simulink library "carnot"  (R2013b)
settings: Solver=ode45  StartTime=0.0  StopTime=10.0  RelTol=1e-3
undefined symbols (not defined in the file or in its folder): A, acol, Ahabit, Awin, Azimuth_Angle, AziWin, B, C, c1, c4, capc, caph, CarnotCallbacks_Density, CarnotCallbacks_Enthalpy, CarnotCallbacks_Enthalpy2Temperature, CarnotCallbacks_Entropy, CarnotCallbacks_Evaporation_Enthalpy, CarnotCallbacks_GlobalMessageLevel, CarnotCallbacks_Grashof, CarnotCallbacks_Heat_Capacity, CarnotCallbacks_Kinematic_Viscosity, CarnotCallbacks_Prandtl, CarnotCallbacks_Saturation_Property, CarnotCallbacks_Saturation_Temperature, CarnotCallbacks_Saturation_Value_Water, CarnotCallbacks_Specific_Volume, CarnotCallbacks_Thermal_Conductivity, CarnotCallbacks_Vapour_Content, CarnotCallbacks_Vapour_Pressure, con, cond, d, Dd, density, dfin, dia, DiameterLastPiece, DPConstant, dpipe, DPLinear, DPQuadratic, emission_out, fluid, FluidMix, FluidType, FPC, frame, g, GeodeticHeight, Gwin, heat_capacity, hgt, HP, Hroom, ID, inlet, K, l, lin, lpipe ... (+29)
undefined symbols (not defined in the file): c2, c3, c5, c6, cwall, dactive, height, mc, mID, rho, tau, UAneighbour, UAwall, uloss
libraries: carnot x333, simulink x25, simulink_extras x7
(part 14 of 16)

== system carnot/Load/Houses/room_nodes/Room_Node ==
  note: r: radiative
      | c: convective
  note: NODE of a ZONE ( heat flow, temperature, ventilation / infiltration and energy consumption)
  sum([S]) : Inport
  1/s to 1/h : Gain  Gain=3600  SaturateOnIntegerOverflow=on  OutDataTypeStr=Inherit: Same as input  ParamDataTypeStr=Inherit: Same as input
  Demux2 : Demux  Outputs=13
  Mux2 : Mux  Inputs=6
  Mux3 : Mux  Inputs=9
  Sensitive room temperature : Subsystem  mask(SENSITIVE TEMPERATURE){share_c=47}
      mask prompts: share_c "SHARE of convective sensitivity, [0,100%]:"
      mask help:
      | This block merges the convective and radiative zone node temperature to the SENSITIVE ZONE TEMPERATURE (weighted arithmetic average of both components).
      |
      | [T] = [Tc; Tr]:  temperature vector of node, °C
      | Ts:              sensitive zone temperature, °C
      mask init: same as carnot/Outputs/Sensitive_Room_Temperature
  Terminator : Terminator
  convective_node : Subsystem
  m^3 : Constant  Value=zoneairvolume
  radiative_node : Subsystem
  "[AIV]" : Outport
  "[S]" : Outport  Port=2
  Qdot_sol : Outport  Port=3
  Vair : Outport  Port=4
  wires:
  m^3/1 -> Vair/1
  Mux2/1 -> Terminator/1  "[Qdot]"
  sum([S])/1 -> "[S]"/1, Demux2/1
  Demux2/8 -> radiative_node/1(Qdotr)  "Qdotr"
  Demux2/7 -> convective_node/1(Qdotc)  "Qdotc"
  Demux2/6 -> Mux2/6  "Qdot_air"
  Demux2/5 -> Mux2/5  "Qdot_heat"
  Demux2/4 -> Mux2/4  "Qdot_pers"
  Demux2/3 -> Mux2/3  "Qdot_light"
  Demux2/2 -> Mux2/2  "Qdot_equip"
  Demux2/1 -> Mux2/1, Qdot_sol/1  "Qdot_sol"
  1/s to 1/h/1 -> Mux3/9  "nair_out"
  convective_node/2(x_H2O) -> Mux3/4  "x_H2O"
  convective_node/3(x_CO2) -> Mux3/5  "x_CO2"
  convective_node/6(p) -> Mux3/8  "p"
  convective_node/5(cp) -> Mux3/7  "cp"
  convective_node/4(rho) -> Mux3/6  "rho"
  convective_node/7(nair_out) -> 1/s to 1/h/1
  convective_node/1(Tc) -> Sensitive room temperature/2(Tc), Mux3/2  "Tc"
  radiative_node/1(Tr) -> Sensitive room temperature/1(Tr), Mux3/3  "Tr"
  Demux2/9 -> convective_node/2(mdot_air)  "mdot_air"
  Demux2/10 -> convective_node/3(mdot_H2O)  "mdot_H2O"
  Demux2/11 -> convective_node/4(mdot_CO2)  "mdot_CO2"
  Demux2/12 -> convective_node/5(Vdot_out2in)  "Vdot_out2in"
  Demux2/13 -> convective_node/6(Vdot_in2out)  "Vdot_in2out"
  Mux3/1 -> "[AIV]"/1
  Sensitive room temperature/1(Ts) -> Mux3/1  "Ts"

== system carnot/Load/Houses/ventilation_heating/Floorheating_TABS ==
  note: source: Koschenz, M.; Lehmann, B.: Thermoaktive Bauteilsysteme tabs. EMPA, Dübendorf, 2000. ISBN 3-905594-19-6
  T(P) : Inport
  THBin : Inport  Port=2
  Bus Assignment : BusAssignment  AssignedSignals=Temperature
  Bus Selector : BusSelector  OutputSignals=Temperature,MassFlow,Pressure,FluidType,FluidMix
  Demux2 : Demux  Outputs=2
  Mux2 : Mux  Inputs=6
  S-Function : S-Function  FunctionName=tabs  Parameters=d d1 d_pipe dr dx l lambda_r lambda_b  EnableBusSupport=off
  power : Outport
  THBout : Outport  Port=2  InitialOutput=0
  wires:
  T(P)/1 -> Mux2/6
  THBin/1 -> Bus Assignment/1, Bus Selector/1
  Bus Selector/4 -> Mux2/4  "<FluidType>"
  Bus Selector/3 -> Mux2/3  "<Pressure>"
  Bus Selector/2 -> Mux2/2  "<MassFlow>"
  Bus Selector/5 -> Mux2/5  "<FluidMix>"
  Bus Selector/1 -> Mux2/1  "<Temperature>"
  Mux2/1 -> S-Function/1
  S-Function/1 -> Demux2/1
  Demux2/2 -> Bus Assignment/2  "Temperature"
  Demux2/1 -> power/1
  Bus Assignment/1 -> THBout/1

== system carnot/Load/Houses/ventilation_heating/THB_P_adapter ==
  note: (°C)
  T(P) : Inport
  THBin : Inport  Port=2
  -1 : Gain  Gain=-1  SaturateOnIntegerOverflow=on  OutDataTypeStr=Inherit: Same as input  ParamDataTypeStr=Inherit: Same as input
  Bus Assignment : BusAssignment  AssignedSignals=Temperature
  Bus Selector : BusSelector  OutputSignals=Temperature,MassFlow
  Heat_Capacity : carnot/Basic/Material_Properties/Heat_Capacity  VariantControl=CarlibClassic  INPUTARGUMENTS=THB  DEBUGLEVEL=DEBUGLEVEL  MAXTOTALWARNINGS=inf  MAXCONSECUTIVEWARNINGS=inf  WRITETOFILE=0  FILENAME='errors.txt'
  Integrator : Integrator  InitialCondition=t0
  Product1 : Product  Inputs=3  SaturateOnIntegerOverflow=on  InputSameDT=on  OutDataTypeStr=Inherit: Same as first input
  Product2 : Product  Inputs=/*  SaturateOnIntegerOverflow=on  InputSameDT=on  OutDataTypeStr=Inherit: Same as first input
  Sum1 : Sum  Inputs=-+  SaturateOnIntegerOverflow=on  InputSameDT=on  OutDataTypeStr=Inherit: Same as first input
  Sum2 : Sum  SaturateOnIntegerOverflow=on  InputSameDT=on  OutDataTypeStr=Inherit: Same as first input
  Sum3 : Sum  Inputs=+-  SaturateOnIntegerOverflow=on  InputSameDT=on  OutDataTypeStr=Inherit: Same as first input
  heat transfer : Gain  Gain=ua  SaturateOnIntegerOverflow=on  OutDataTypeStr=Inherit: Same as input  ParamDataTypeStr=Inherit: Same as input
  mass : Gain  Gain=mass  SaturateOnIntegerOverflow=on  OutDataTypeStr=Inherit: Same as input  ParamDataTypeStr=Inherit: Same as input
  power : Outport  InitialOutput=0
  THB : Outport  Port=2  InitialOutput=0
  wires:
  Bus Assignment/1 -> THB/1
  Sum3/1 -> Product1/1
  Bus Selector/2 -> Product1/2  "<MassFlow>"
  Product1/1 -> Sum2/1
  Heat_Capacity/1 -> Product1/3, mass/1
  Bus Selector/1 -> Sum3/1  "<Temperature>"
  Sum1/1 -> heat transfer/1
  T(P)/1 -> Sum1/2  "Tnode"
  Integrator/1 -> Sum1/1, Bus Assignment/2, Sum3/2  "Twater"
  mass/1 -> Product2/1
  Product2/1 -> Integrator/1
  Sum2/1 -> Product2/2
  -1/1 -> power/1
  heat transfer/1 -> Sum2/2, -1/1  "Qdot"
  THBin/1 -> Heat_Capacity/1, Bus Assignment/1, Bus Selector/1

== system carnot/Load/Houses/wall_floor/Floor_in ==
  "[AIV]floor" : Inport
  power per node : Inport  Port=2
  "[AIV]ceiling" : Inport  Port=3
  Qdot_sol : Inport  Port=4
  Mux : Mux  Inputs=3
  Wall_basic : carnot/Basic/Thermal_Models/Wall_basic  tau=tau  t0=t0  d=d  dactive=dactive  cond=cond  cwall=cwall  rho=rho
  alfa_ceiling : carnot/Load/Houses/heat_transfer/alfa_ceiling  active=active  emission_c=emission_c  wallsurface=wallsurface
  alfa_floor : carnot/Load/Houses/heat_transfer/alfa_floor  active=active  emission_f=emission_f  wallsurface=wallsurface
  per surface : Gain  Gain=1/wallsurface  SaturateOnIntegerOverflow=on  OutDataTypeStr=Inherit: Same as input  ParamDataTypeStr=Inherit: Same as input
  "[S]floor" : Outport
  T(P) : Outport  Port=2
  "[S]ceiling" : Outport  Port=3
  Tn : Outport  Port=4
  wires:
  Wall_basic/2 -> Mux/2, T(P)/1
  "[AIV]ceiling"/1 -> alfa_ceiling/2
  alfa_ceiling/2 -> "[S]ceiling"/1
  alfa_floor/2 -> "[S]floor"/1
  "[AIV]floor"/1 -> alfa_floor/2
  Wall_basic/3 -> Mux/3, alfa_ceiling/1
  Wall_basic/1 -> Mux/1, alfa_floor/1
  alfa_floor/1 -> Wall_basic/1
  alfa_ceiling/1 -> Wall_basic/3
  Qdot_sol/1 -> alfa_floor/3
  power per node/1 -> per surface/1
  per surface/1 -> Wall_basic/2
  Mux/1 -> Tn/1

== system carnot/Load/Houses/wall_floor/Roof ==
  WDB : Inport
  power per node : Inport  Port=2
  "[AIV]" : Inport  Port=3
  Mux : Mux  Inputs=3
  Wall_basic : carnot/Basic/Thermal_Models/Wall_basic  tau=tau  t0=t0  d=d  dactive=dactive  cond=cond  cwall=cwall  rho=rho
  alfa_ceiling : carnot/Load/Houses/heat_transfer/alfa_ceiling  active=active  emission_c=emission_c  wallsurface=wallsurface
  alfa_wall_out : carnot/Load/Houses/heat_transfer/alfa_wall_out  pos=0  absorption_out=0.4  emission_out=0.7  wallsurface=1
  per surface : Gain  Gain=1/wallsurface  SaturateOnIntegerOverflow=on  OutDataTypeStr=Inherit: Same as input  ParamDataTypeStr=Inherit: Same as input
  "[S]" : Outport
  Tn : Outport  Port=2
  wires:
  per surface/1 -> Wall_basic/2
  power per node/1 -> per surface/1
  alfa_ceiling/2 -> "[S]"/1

______________________________

Work task
Return only the lines between the one holding "Wall_basic/2 -> Mux/2, T(P)/1" and the one holding "Wall_basic/1 -> Mux/1, alfa_floor/1", inclusive, exactly as they appear above.

Finished exercise
  Wall_basic/2 -> Mux/2, T(P)/1
  "[AIV]ceiling"/1 -> alfa_ceiling/2
  alfa_ceiling/2 -> "[S]ceiling"/1
  alfa_floor/2 -> "[S]floor"/1
  "[AIV]floor"/1 -> alfa_floor/2
  Wall_basic/3 -> Mux/3, alfa_ceiling/1
  Wall_basic/1 -> Mux/1, alfa_floor/1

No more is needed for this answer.